Witajcie Kochane po dłuższej przerwie :)
Niuniunia - dużo zdrówka dla Wiki...oby szybko wam przeszło.

Katerinka - Ty w ciąży jesteś? Gratulacje kochana! Na kiedy masz termin?

Potworek- jakie 3 dni przed porodem? Ty też w ciąży? Czy coś źle zrozumiałam?

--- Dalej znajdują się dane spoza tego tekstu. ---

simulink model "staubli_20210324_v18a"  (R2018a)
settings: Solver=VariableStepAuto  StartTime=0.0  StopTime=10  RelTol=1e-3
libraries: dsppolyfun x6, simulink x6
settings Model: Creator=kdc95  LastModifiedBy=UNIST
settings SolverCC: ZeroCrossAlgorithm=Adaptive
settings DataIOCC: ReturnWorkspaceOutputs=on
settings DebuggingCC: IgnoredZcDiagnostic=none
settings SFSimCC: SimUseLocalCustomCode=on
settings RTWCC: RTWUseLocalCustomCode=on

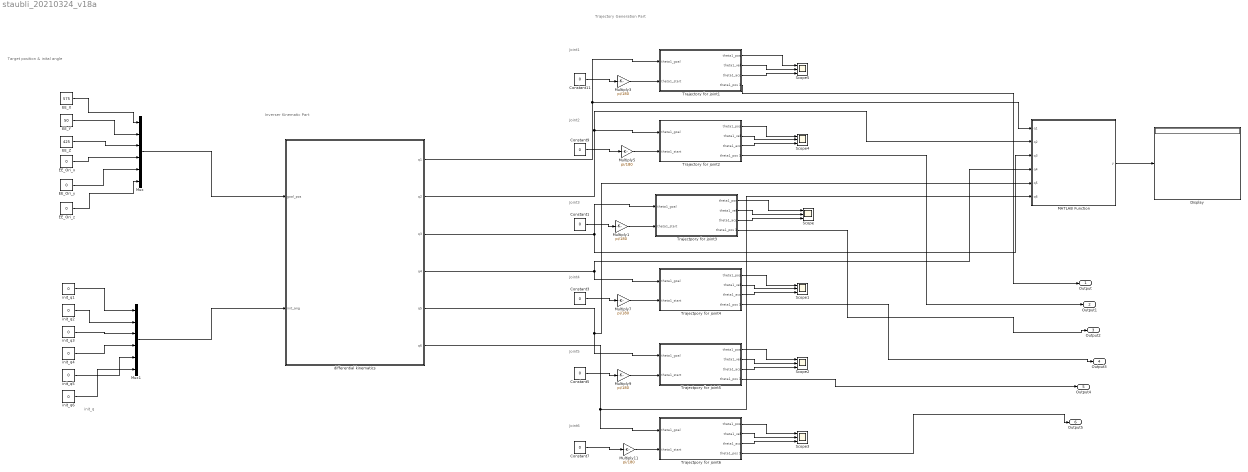
== system staubli_20210324_v18a ==
  note: Trajectory Generation Part
  note: init_q
  note: Joint2
  note: Joint3
  note: Joint4
  note: Joint5
  note: Joint1
  note: Joint6
  note: Target position & inital angle
  note: Inverser Kinematic Part
  Constant{1,3,5,7,9,11} (6 alike) : Constant  Value=0
  Display : Display
  EE_Ori_x : Constant  Value=0
  EE_Ori_y : Constant  Value=0
  EE_Ori_z : Constant  Value=0
  EE_X : Constant  Value=575
  EE_Y : Constant  Value=50
  EE_Z : Constant  Value=425
  MATLAB Function : MATLAB Function  TreatAsAtomicUnit=on
  Multiply{1,3,5,7,9,11} (6 alike) : Gain  Gain=pi/180
  Mux : Mux  Inputs=6
  Mux1 : Mux  Inputs=6
  Scope{,1..5} (6 alike) : Scope  NumInputPorts=3
  Trajectory for joint1 : Subsystem
  Trajectory for joint2 : Subsystem
  Trajectpory for joint3 : Subsystem
  Trajectpory for joint4 : Subsystem
  Trajectpory for joint5 : Subsystem
  Trajectpory for joint6 : Subsystem
  differential kinematics : Subsystem
  init_q{1..6} (6 alike) : Constant  Value=0
  Output : Outport
  Output1 : Outport  Port=2
  Output2 : Outport  Port=3
  Output3 : Outport  Port=4
  Output4 : Outport  Port=5
  Output5 : Outport  Port=6
  wires:
  Trajectpory for joint3/1("theta1_pos ") -> Scope/1
  Trajectory for joint1/3("theta1_acc ") -> Scope5/3
  Trajectpory for joint3/3("theta1_acc ") -> Scope/3
  Constant5/1 -> Multiply9/1
  Trajectpory for joint4/1("theta1_pos ") -> Scope1/1
  Constant11/1 -> Multiply3/1
  Trajectpory for joint5/2("theta1_vel ") -> Scope2/2
  Trajectpory for joint3/2("theta1_vel ") -> Scope/2
  Constant3/1 -> Multiply7/1
  Trajectory for joint1/2("theta1_vel ") -> Scope5/2
  Trajectpory for joint5/1("theta1_pos ") -> Scope2/1
  Trajectpory for joint6/1("theta1_pos ") -> Scope3/1
  Trajectpory for joint5/3("theta1_acc ") -> Scope2/3
  Constant7/1 -> Multiply11/1
  Trajectory for joint2/2("theta1_vel ") -> Scope4/2
  Trajectpory for joint6/3("theta1_acc ") -> Scope3/3
  Trajectory for joint2/1("theta1_pos ") -> Scope4/1
  Trajectory for joint2/3("theta1_acc ") -> Scope4/3
  Trajectpory for joint6/2("theta1_vel ") -> Scope3/2
  Constant1/1 -> Multiply1/1
  Constant9/1 -> Multiply5/1
  Trajectpory for joint4/2("theta1_vel ") -> Scope1/2
  Trajectpory for joint4/3("theta1_acc ") -> Scope1/3
  Trajectory for joint1/1("theta1_pos ") -> Scope5/1
  Trajectory for joint1/4(theta1_pos 1) -> Output/1
  Trajectory for joint2/4(theta1_pos 1) -> Output1/1
  Trajectpory for joint3/4(theta1_pos 1) -> Output2/1
  Trajectpory for joint4/4(theta1_pos 1) -> Output3/1
  Trajectpory for joint5/4(theta1_pos 1) -> Output4/1
  Trajectpory for joint6/4(theta1_pos 1) -> Output5/1
  differential kinematics/3(q3) -> Trajectpory for joint3/1("theta1_goal "), MATLAB Function/3(q3)
  Multiply1/1 -> Trajectpory for joint3/2("theta1_start ")
  differential kinematics/1(q1) -> Trajectory for joint1/1("theta1_goal "), MATLAB Function/1(q1)
  Multiply3/1 -> Trajectory for joint1/2("theta1_start ")
  differential kinematics/2(q2) -> Trajectory for joint2/1("theta1_goal "), MATLAB Function/2(q2)
  Multiply5/1 -> Trajectory for joint2/2("theta1_start ")
  differential kinematics/4(q4) -> MATLAB Function/4(q4), Trajectpory for joint4/1("theta1_goal ")
  Multiply7/1 -> Trajectpory for joint4/2("theta1_start ")
  differential kinematics/5(q5) -> Trajectpory for joint5/1("theta1_goal "), MATLAB Function/5(q5)
  Multiply9/1 -> Trajectpory for joint5/2("theta1_start ")
  differential kinematics/6(q6) -> Trajectpory for joint6/1("theta1_goal "), MATLAB Function/6(q6)
  Multiply11/1 -> Trajectpory for joint6/2("theta1_start ")
  MATLAB Function/1(y) -> Display/1
  EE_X/1 -> Mux/1
  EE_Y/1 -> Mux/2
  EE_Z/1 -> Mux/3
  EE_Ori_x/1 -> Mux/4
  EE_Ori_y/1 -> Mux/5
  EE_Ori_z/1 -> Mux/6
  init_q1/1 -> Mux1/1
  init_q2/1 -> Mux1/2
  init_q3/1 -> Mux1/3
  init_q4/1 -> Mux1/4
  init_q5/1 -> Mux1/5
  init_q6/1 -> Mux1/6
  Mux/1 -> differential kinematics/1(goal_pos)
  Mux1/1 -> differential kinematics/2(init_ang)

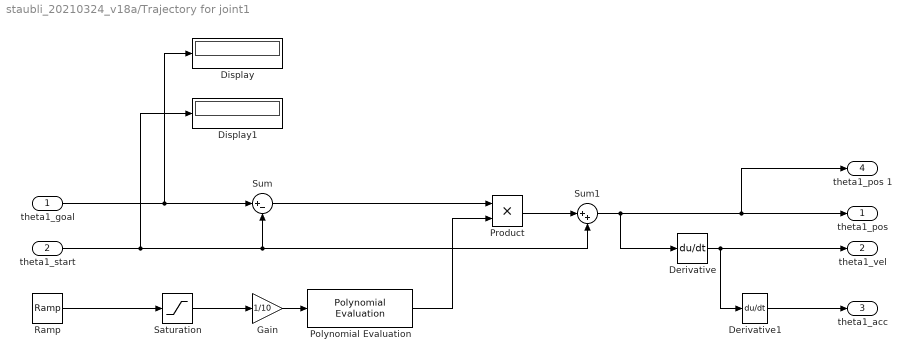
== system staubli_20210324_v18a/Trajectory for joint1 ==
  "theta1_goal " : Inport
  "theta1_start " : Inport  Port=2
  Derivative : Derivative
  Derivative1 : Derivative
  Display : Display
  Display1 : Display
  Gain : Gain  Gain=1/10
  Polynomial Evaluation : dsppolyfun/Polynomial Evaluation  useConstCoeffs=on  constCoeffs=[6 -15 10 0 0 0]
      settings: SourceProductBaseCode=DS
  Product : Product
  Ramp : simulink/Sources/Ramp  slope=1  start=0  InitialOutput=0
  Saturation : Saturate  UpperLimit=10  LowerLimit=-10
  Sum : Sum  Inputs=|+-
  Sum1 : Sum  Inputs=|++
  "theta1_pos " : Outport  VectorParamsAs1DForOutWhenUnconnected=off
  "theta1_vel " : Outport  Port=2  VectorParamsAs1DForOutWhenUnconnected=off
  "theta1_acc " : Outport  Port=3  VectorParamsAs1DForOutWhenUnconnected=off
  theta1_pos 1 : Outport  Port=4  VectorParamsAs1DForOutWhenUnconnected=off
  wires:
  "theta1_start "/1 -> Sum1/2, Sum/2, Display1/1
  Sum/1 -> Product/1
  "theta1_goal "/1 -> Display/1, Sum/1
  Sum1/1 -> Derivative/1, theta1_pos 1/1, "theta1_pos "/1
  Derivative/1 -> "theta1_vel "/1, Derivative1/1
  Gain/1 -> Polynomial Evaluation/1
  Product/1 -> Sum1/1
  Polynomial Evaluation/1 -> Product/2
  Derivative1/1 -> "theta1_acc "/1
  Saturation/1 -> Gain/1
  Ramp/1 -> Saturation/1

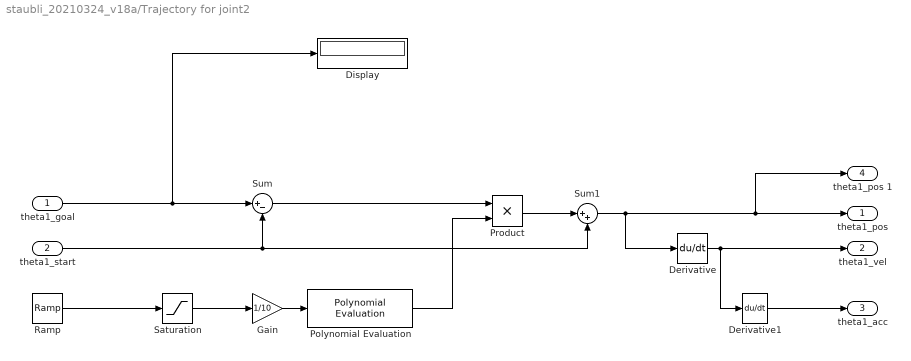
== system staubli_20210324_v18a/Trajectory for joint2 ==
  "theta1_goal " : Inport
  "theta1_start " : Inport  Port=2
  Derivative : Derivative
  Derivative1 : Derivative
  Display : Display
  Gain : Gain  Gain=1/10
  Polynomial Evaluation : dsppolyfun/Polynomial Evaluation  useConstCoeffs=on  constCoeffs=[6 -15 10 0 0 0]
      settings: SourceProductBaseCode=DS
  Product : Product
  Ramp : simulink/Sources/Ramp  slope=1  start=0  InitialOutput=0
  Saturation : Saturate  UpperLimit=10  LowerLimit=-10
  Sum : Sum  Inputs=|+-
  Sum1 : Sum  Inputs=|++
  "theta1_pos " : Outport  VectorParamsAs1DForOutWhenUnconnected=off
  "theta1_vel " : Outport  Port=2  VectorParamsAs1DForOutWhenUnconnected=off
  "theta1_acc " : Outport  Port=3  VectorParamsAs1DForOutWhenUnconnected=off
  theta1_pos 1 : Outport  Port=4  VectorParamsAs1DForOutWhenUnconnected=off
  wires:
  "theta1_start "/1 -> Sum1/2, Sum/2
  Sum/1 -> Product/1
  "theta1_goal "/1 -> Display/1, Sum/1
  Sum1/1 -> Derivative/1, theta1_pos 1/1, "theta1_pos "/1
  Derivative/1 -> "theta1_vel "/1, Derivative1/1
  Gain/1 -> Polynomial Evaluation/1
  Product/1 -> Sum1/1
  Polynomial Evaluation/1 -> Product/2
  Derivative1/1 -> "theta1_acc "/1
  Saturation/1 -> Gain/1
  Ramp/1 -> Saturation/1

Mam nadzieję, że znów zawitam na stałe.
U nas w miarę w porządku. Zęby idą, po dwa na raz i każdego musimy odchorować. Mateusz jeszcze nie chodzi samodzielnie, ale po meblach i z innymi pomocami zasuwa aż miło.
Szymuś też zdrowy i dzielnie chodzi do zerówki.
W robocie masakra...ale to jak zwykle.
W małżeństwie też nieźle.

Straszne za Wami się stęskniłam.

Wyczekujemy świąt :)

Do jutra laseczki...całuję Was mocno.
 
Ostatnia edycja:
reklama
Witam sie o poranku :-)
Ja tylko na momencik bo dzisiaj mamy ta wizyte w szpitalu w sprawie te guza Samiego mam nadzieje ze nas nie oleja i wizyta sie nie zakonczy tylko na dotykaniu glowy i jakis tezach tylko zrobia jakies badania. Wizyta wczesnie bo o 9 :sorry2: a mlody spi w najlepsze a za chwilke bede musiala go budzic i szykowac bo oczywiscie idziemy sami wozkiem bo tatus nie dostal urlopu :nerd:
Odpisze pozniej cos wiecej wam a teraz musze zmykac sie szykowac.